• [Task brief]: Look below for lines that hold the string "Boss" and copy each one.

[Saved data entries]
----
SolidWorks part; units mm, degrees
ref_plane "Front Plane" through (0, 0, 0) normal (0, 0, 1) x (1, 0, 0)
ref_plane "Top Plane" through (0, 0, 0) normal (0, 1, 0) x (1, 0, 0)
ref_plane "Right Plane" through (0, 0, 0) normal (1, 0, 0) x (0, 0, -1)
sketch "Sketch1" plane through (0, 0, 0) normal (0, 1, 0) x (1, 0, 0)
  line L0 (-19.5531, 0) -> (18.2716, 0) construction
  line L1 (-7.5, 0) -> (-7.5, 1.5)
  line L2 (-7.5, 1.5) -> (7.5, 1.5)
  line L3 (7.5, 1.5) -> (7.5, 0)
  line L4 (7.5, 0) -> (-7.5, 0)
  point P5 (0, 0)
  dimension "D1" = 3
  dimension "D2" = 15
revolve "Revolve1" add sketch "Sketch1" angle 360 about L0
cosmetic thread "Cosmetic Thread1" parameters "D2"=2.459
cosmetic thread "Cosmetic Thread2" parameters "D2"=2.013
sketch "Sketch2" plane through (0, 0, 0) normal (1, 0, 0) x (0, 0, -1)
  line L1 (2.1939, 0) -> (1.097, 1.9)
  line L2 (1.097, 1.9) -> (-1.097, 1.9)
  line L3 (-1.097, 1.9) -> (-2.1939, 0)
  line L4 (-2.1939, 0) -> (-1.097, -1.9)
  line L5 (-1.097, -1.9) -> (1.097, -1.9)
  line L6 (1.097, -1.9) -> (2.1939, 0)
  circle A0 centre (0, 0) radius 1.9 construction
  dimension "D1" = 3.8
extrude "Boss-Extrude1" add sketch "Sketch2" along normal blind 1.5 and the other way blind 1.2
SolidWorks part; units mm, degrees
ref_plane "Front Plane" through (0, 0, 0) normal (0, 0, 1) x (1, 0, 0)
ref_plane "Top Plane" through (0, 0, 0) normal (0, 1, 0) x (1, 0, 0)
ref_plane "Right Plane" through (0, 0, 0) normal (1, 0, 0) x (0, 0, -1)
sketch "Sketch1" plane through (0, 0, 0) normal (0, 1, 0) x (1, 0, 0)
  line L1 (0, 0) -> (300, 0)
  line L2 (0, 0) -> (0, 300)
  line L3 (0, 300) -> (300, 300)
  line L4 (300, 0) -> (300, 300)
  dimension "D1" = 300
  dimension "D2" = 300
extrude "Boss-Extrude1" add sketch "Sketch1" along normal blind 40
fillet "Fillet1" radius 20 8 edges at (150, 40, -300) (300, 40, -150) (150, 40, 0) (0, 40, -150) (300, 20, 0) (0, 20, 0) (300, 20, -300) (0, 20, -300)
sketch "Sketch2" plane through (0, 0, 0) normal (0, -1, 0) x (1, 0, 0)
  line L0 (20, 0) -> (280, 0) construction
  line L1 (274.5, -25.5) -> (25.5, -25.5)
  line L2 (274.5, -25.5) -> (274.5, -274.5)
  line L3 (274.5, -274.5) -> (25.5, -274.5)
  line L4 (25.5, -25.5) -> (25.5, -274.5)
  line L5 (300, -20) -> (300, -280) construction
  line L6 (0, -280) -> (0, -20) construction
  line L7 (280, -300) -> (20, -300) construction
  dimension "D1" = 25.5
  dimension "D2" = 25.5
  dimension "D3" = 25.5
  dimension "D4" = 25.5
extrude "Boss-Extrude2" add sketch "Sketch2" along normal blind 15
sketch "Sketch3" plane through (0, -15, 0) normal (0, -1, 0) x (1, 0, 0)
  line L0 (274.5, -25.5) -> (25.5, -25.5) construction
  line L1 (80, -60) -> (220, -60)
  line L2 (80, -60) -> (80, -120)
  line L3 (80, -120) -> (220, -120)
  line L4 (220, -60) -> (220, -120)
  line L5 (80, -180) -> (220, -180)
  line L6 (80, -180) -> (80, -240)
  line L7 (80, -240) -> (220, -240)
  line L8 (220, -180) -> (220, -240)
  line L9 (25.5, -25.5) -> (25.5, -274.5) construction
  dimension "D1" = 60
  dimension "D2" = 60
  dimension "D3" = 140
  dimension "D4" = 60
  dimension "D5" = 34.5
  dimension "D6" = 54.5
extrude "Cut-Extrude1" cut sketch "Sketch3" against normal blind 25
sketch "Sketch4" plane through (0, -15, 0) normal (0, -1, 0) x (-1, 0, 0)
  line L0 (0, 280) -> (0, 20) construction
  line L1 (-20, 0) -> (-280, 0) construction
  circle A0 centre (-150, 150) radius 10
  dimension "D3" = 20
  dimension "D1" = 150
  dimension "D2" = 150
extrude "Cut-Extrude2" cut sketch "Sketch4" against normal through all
----
• [Response to this task]:
extrude "Boss-Extrude1" add sketch "Sketch2" along normal blind 1.5 and the other way blind 1.2
extrude "Boss-Extrude1" add sketch "Sketch1" along normal blind 40
extrude "Boss-Extrude2" add sketch "Sketch2" along normal blind 15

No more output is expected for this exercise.